Although it is questionable whether Justice Iacobucci is correct in his statement that an employer can dock an employee’s pay for “any losses incurred,” the court’s preference for the use of progressive discipline short of termination for cause is unmistakable.

Employers looking to take steps to change policies and procedures to allow for the right to suspend should consult legal counsel to ensure the new contract or policy will be enforceable.

For more information see:

Carscallen v. FRI Corp., 2005 CarswellOnt 2394 (Ont. S.C.J.).

Haldane v. Shelbar Enterprises Ltd., 1999 CarswellOnt 3305 (Ont. C.A.).

McKinley v. BC Tel, 2001 CarswellBC 1336 (S.C.C.).

Chris Foulon is a partner with Israel Foulon, an employment and labour law firm in Toronto. Chris can be reached at (416) 640-1550 or [email protected].
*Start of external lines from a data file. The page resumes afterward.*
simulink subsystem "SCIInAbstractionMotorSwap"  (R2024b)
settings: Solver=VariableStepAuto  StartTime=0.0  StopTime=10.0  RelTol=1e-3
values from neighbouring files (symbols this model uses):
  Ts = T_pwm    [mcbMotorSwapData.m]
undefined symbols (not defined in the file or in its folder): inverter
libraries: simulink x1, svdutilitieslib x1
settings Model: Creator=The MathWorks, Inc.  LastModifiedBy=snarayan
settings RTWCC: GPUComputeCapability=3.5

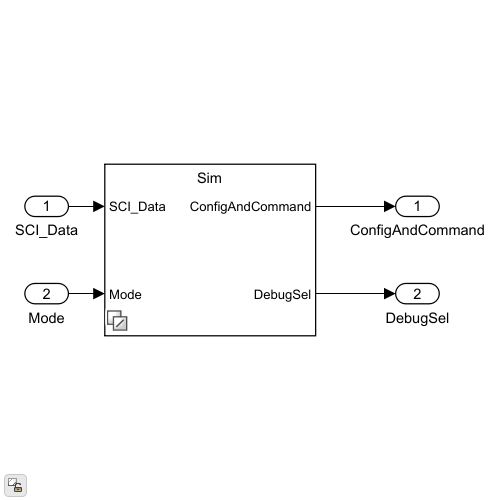
[thumbnail: Simulink's stored preview of the top-level diagram]
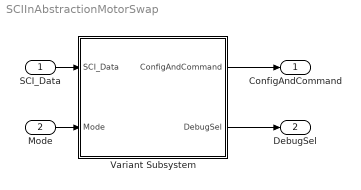
== system SCIInAbstractionMotorSwap ==
  SCI_Data : Inport
  Mode : Inport  Port=2
  Variant Subsystem : Subsystem  Variant=on  VariantControlMode=sim codegen switching
  ConfigAndCommand : Outport
  DebugSel : Outport  Port=2
  wires:
  SCI_Data/1 -> Variant Subsystem/1(SCI_Data)
  Variant Subsystem/2(DebugSel) -> DebugSel/1
  Variant Subsystem/1(ConfigAndCommand) -> ConfigAndCommand/1
  Mode/1 -> Variant Subsystem/2(Mode)

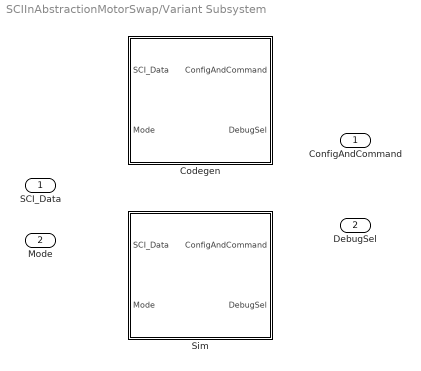
== system SCIInAbstractionMotorSwap/Variant Subsystem ==
  SCI_Data : Inport
  Mode : Inport  Port=2
  Codegen : Subsystem  VariantControl=(codegen)
  Sim : Subsystem  VariantControl=(sim)
  ConfigAndCommand : Outport
  DebugSel : Outport  Port=2

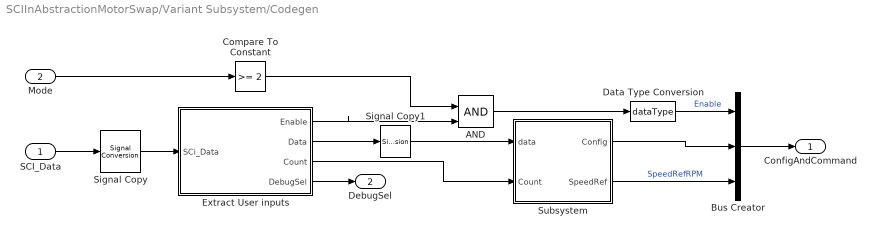
== system SCIInAbstractionMotorSwap/Variant Subsystem/Codegen ==
  SCI_Data : Inport
  Mode : Inport  Port=2
  AND : Logic  IconShape=distinctive  AllPortsSameDT=off  OutDataTypeStr=boolean
  Bus Creator : BusCreator  Inputs=3
  Compare To Constant : simulink/Logic and Bit Operations/Compare To Constant  relop=>=  const=2  OutDataTypeStr=boolean
  Data Type Conversion : DataTypeConversion  OutDataTypeStr=dataType  RndMeth=Simplest  SaturateOnIntegerOverflow=off
  Extract User inputs : Subsystem
  Signal Copy : SignalConversion  OverrideOpt=off
  Signal Copy1 : SignalConversion  OverrideOpt=on
  Subsystem : Subsystem
  ConfigAndCommand : Outport
  DebugSel : Outport  Port=2
  wires:
  Subsystem/2(SpeedRef) -> Bus Creator/3  "SpeedRefRPM"
  Signal Copy1/1 -> Subsystem/1(data)
  Signal Copy/1 -> Extract User inputs/1(SCi_Data)
  AND/1 -> Data Type Conversion/1
  Subsystem/1(Config) -> Bus Creator/2
  Extract User inputs/3(Count) -> Subsystem/2(Count)
  Extract User inputs/2(Data) -> Signal Copy1/1
  Extract User inputs/1(Enable) -> AND/2
  Compare To Constant/1 -> AND/1
  Mode/1 -> Compare To Constant/1
  Extract User inputs/4(DebugSel) -> DebugSel/1
  SCI_Data/1 -> Signal Copy/1
  Data Type Conversion/1 -> Bus Creator/1  "Enable"
  Bus Creator/1 -> ConfigAndCommand/1

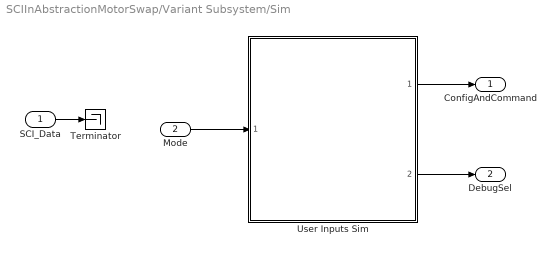
== system SCIInAbstractionMotorSwap/Variant Subsystem/Sim ==
  SCI_Data : Inport
  Mode : Inport  Port=2
  Terminator : Terminator
  User Inputs Sim : Subsystem  ReferencedSubsystem=SystemInputsSimMotorSwap
  ConfigAndCommand : Outport
  DebugSel : Outport  Port=2
  wires:
  User Inputs Sim/2 -> DebugSel/1
  User Inputs Sim/1 -> ConfigAndCommand/1
  Mode/1 -> User Inputs Sim/1
  SCI_Data/1 -> Terminator/1

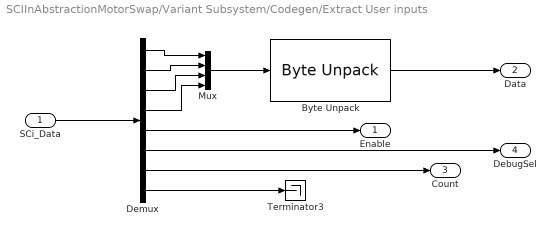
== system SCIInAbstractionMotorSwap/Variant Subsystem/Codegen/Extract User inputs ==
  SCi_Data : Inport
  Byte Unpack : svdutilitieslib/Byte Unpack  dimensions={[1]}  datatypes={'single'}  byteAlign=1  blockPlatform=tic2000
  Demux : Demux  Outputs=8
  Mux : Mux
  Terminator3 : Terminator
  Enable : Outport
  Data : Outport  Port=2
  Count : Outport  Port=3
  DebugSel : Outport  Port=4
  wires:
  Byte Unpack/1 -> Data/1
  Mux/1 -> Byte Unpack/1
  Demux/1 -> Mux/1
  Demux/2 -> Mux/2
  Demux/4 -> Mux/4
  Demux/3 -> Mux/3
  Demux/5 -> Enable/1
  Demux/6 -> DebugSel/1
  Demux/7 -> Count/1
  Demux/8 -> Terminator3/1
  SCi_Data/1 -> Demux/1

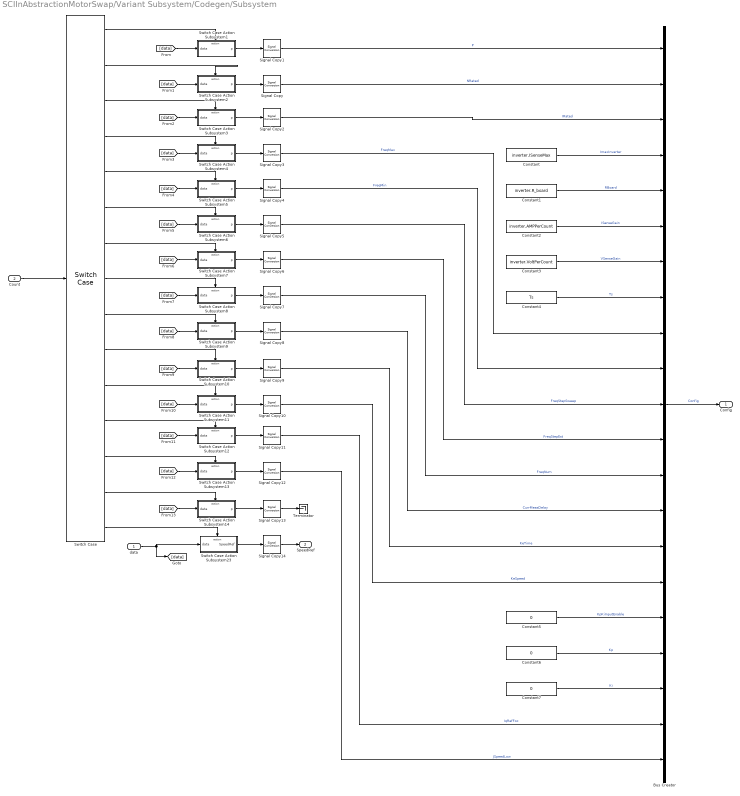
== system SCIInAbstractionMotorSwap/Variant Subsystem/Codegen/Subsystem ==
  data : Inport
  Count : Inport  Port=2
  Bus Creator : BusCreator  Inputs=21
  Constant : Constant  Value=inverter.ISenseMax  OutDataTypeStr=dataType
  Constant1 : Constant  Value=inverter.R_board  OutDataTypeStr=dataType
  Constant2 : Constant  Value=inverter.AMPPerCount  OutDataTypeStr=dataType
  Constant3 : Constant  Value=inverter.VoltPerCount  OutDataTypeStr=dataType
  Constant4 : Constant  Value=Ts  OutDataTypeStr=dataType
  Constant5 : Constant  Value=0  OutDataTypeStr=dataType
  Constant6 : Constant  Value=0  OutDataTypeStr=dataType
  Constant7 : Constant  Value=0  OutDataTypeStr=dataType
  Signal Copy{,1..14} (15 alike) : SignalConversion  OverrideOpt=on
  Switch Case : SwitchCase  CaseConditions={1 2 3 4 5 6 7 8 9 10 11 12 13 14 15}  ShowDefaultCase=off
  Switch Case Action Subsystem1 : Subsystem  TreatAsAtomicUnit=on
  Switch Case Action Subsystem10 : Subsystem  TreatAsAtomicUnit=on
  Switch Case Action Subsystem11 : Subsystem  TreatAsAtomicUnit=on
  Switch Case Action Subsystem12 : Subsystem  TreatAsAtomicUnit=on
  Switch Case Action Subsystem13 : Subsystem  TreatAsAtomicUnit=on
  Switch Case Action Subsystem14 : Subsystem  TreatAsAtomicUnit=on
  Switch Case Action Subsystem2 : Subsystem  TreatAsAtomicUnit=on
  Switch Case Action Subsystem23 : Subsystem  TreatAsAtomicUnit=on
  Switch Case Action Subsystem3 : Subsystem  TreatAsAtomicUnit=on
  Switch Case Action Subsystem4 : Subsystem  TreatAsAtomicUnit=on
  Switch Case Action Subsystem5 : Subsystem  TreatAsAtomicUnit=on
  Switch Case Action Subsystem6 : Subsystem  TreatAsAtomicUnit=on
  Switch Case Action Subsystem7 : Subsystem  TreatAsAtomicUnit=on
  Switch Case Action Subsystem8 : Subsystem  TreatAsAtomicUnit=on
  Switch Case Action Subsystem9 : Subsystem  TreatAsAtomicUnit=on
  Terminator : Terminator
  Config : Outport
  SpeedRef : Outport  Port=2
  wires:
  Signal Copy14/1 -> SpeedRef/1
  Signal Copy13/1 -> Terminator/1
  Signal Copy12/1 -> Bus Creator/21  "JSpeedLow"
  Signal Copy11/1 -> Bus Creator/20  "IqRefFoc"
  Constant7/1 -> Bus Creator/19  "Ki"
  Constant6/1 -> Bus Creator/18  "Kp"
  Constant5/1 -> Bus Creator/17  "KpKiInputEnable"
  Signal Copy10/1 -> Bus Creator/16  "KeSpeed"
  Signal Copy9/1 -> Bus Creator/15  "KeTime"
  Signal Copy8/1 -> Bus Creator/14  "CurrMeasDelay"
  Signal Copy7/1 -> Bus Creator/13  "FreqNum"
  Signal Copy6/1 -> Bus Creator/12  "FreqStepEst"
  Signal Copy5/1 -> Bus Creator/11  "FreqStepSweep"
  Signal Copy4/1 -> Bus Creator/10  "FreqMin"
  Signal Copy3/1 -> Bus Creator/9  "FreqMax"
  Constant4/1 -> Bus Creator/8  "Ts"
  Constant3/1 -> Bus Creator/7  "VSenseGain"
  Constant2/1 -> Bus Creator/6  "ISenseGain"
  Constant1/1 -> Bus Creator/5  "RBoard"
  Constant/1 -> Bus Creator/4  "ImaxInverter"
  Signal Copy2/1 -> Bus Creator/3  "IRated"
  Switch Case Action Subsystem14/1(p) -> Signal Copy13/1
  Switch Case Action Subsystem13/1(p) -> Signal Copy12/1
  Switch Case Action Subsystem12/1(p) -> Signal Copy11/1
  Switch Case Action Subsystem11/1(p) -> Signal Copy10/1
  Switch Case Action Subsystem10/1(p) -> Signal Copy9/1
  Switch Case Action Subsystem9/1(p) -> Signal Copy8/1
  Switch Case Action Subsystem8/1(p) -> Signal Copy7/1
  Switch Case Action Subsystem7/1(p) -> Signal Copy6/1
  Switch Case Action Subsystem6/1(p) -> Signal Copy5/1
  Switch Case Action Subsystem5/1(p) -> Signal Copy4/1
  Switch Case Action Subsystem4/1(p) -> Signal Copy3/1
  Switch Case Action Subsystem3/1(p) -> Signal Copy2/1
  [data] -> Switch Case Action Subsystem14/1(data)
  [data] -> Switch Case Action Subsystem13/1(data)
  [data] -> Switch Case Action Subsystem12/1(data)
  [data] -> Switch Case Action Subsystem11/1(data)
  [data] -> Switch Case Action Subsystem10/1(data)
  [data] -> Switch Case Action Subsystem9/1(data)
  [data] -> Switch Case Action Subsystem8/1(data)
  [data] -> Switch Case Action Subsystem7/1(data)
  Switch Case/14 -> Switch Case Action Subsystem14/Action
  Switch Case/13 -> Switch Case Action Subsystem13/Action
  Switch Case/12 -> Switch Case Action Subsystem12/Action
  Switch Case/11 -> Switch Case Action Subsystem11/Action
  Switch Case/10 -> Switch Case Action Subsystem10/Action
  Switch Case/9 -> Switch Case Action Subsystem9/Action
  Switch Case/8 -> Switch Case Action Subsystem8/Action
  Switch Case/7 -> Switch Case Action Subsystem7/Action
  [data] -> Switch Case Action Subsystem6/1(data)
  Switch Case/6 -> Switch Case Action Subsystem6/Action
  [data] -> Switch Case Action Subsystem5/1(data)
  Switch Case/5 -> Switch Case Action Subsystem5/Action
  [data] -> Switch Case Action Subsystem4/1(data)
  Switch Case/4 -> Switch Case Action Subsystem4/Action
  [data] -> Switch Case Action Subsystem3/1(data)
  Switch Case/3 -> Switch Case Action Subsystem3/Action
  [data] -> Switch Case Action Subsystem2/1(data)
  [data] -> Switch Case Action Subsystem1/1(data)
  Signal Copy1/1 -> Bus Creator/1  "P"
  Signal Copy/1 -> Bus Creator/2  "NRated"
  Switch Case Action Subsystem2/1(p) -> Signal Copy/1
  Switch Case/2 -> Switch Case Action Subsystem2/Action
  Switch Case Action Subsystem1/1(p) -> Signal Copy1/1
  Switch Case/1 -> Switch Case Action Subsystem1/Action
  Switch Case Action Subsystem23/1(SpeedRef) -> Signal Copy14/1
  data/1 -> Switch Case Action Subsystem23/1(data), [data]
  Switch Case/15 -> Switch Case Action Subsystem23/Action
  Count/1 -> Switch Case/1
  Bus Creator/1 -> Config/1  "Config"

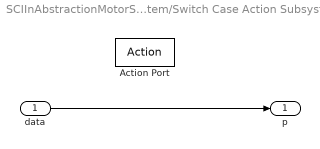
== system SCIInAbstractionMotorSwap/Variant Subsystem/Codegen/Subsystem/Switch Case Action Subsystem1 ==
  data : Inport
  Action Port : ActionPort
  p : Outport
  wires:
  data/1 -> p/1

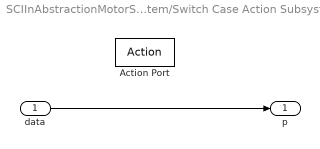
== system SCIInAbstractionMotorSwap/Variant Subsystem/Codegen/Subsystem/Switch Case Action Subsystem10 ==
  data : Inport
  Action Port : ActionPort
  p : Outport
  wires:
  data/1 -> p/1

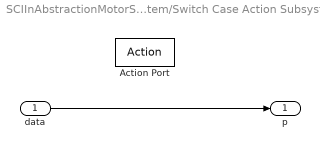
== system SCIInAbstractionMotorSwap/Variant Subsystem/Codegen/Subsystem/Switch Case Action Subsystem11 ==
  data : Inport
  Action Port : ActionPort
  p : Outport
  wires:
  data/1 -> p/1

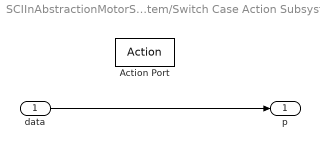
== system SCIInAbstractionMotorSwap/Variant Subsystem/Codegen/Subsystem/Switch Case Action Subsystem12 ==
  data : Inport
  Action Port : ActionPort
  p : Outport
  wires:
  data/1 -> p/1

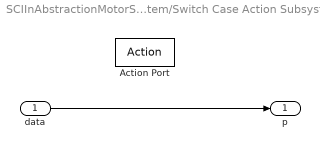
== system SCIInAbstractionMotorSwap/Variant Subsystem/Codegen/Subsystem/Switch Case Action Subsystem13 ==
  data : Inport
  Action Port : ActionPort
  p : Outport
  wires:
  data/1 -> p/1

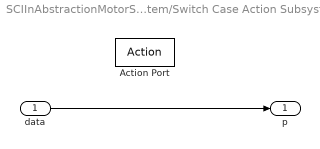
== system SCIInAbstractionMotorSwap/Variant Subsystem/Codegen/Subsystem/Switch Case Action Subsystem14 ==
  data : Inport
  Action Port : ActionPort
  p : Outport
  wires:
  data/1 -> p/1

== system SCIInAbstractionMotorSwap/Variant Subsystem/Codegen/Subsystem/Switch Case Action Subsystem2 ==
  data : Inport
  Action Port : ActionPort
  p : Outport
  wires:
  data/1 -> p/1

== system SCIInAbstractionMotorSwap/Variant Subsystem/Codegen/Subsystem/Switch Case Action Subsystem23 ==
  data : Inport
  Action Port : ActionPort
  SpeedRef : Outport
  wires:
  data/1 -> SpeedRef/1

== system SCIInAbstractionMotorSwap/Variant Subsystem/Codegen/Subsystem/Switch Case Action Subsystem3 ==
  data : Inport
  Action Port : ActionPort
  p : Outport
  wires:
  data/1 -> p/1

== system SCIInAbstractionMotorSwap/Variant Subsystem/Codegen/Subsystem/Switch Case Action Subsystem4 ==
  data : Inport
  Action Port : ActionPort
  p : Outport
  wires:
  data/1 -> p/1

== system SCIInAbstractionMotorSwap/Variant Subsystem/Codegen/Subsystem/Switch Case Action Subsystem5 ==
  data : Inport
  Action Port : ActionPort
  p : Outport
  wires:
  data/1 -> p/1

== system SCIInAbstractionMotorSwap/Variant Subsystem/Codegen/Subsystem/Switch Case Action Subsystem6 ==
  data : Inport
  Action Port : ActionPort
  p : Outport
  wires:
  data/1 -> p/1

== system SCIInAbstractionMotorSwap/Variant Subsystem/Codegen/Subsystem/Switch Case Action Subsystem7 ==
  data : Inport
  Action Port : ActionPort
  p : Outport
  wires:
  data/1 -> p/1

== system SCIInAbstractionMotorSwap/Variant Subsystem/Codegen/Subsystem/Switch Case Action Subsystem8 ==
  data : Inport
  Action Port : ActionPort
  p : Outport
  wires:
  data/1 -> p/1

== system SCIInAbstractionMotorSwap/Variant Subsystem/Codegen/Subsystem/Switch Case Action Subsystem9 ==
  data : Inport
  Action Port : ActionPort
  p : Outport
  wires:
  data/1 -> p/1

Avoiding Constructive Dismissal

Making it safe to suspend

How can an employer ensure a suspension will not result in a constructive dismissal finding? Using Carscallen as a basis, employers should:

• have a contractual agreement with an employee or an agreed-to policy that provides the right for the employer to suspend;

• ensure the contract or policy expressly provides for the right to suspend with or without pay;

• ensure the suspension is for a finite and reasonable period of time that should be communicated to the employee at the time it is imposed;

• provide some mechanism to have the suspension reviewed by someone other than the supervisor who ordered the suspension to ensure it is reasonable;

• ensure the suspension is proportional to the misconduct, not for first-time offences and preceded by written warnings — although very serious first-time misconduct may warrant a suspension;

• remember suspensions with pay are less likely to result in a constructive dismissal;

• use suspensions as part of a progressive discipline program, not as punishment or to humiliate; and

• know a suspension, even in the absence of a contract or policy that allows for suspension, can likely be supported because the employer is using a lesser form of discipline than it is entitled to invoke, even where misconduct would clearly allow for a dismissal for just cause.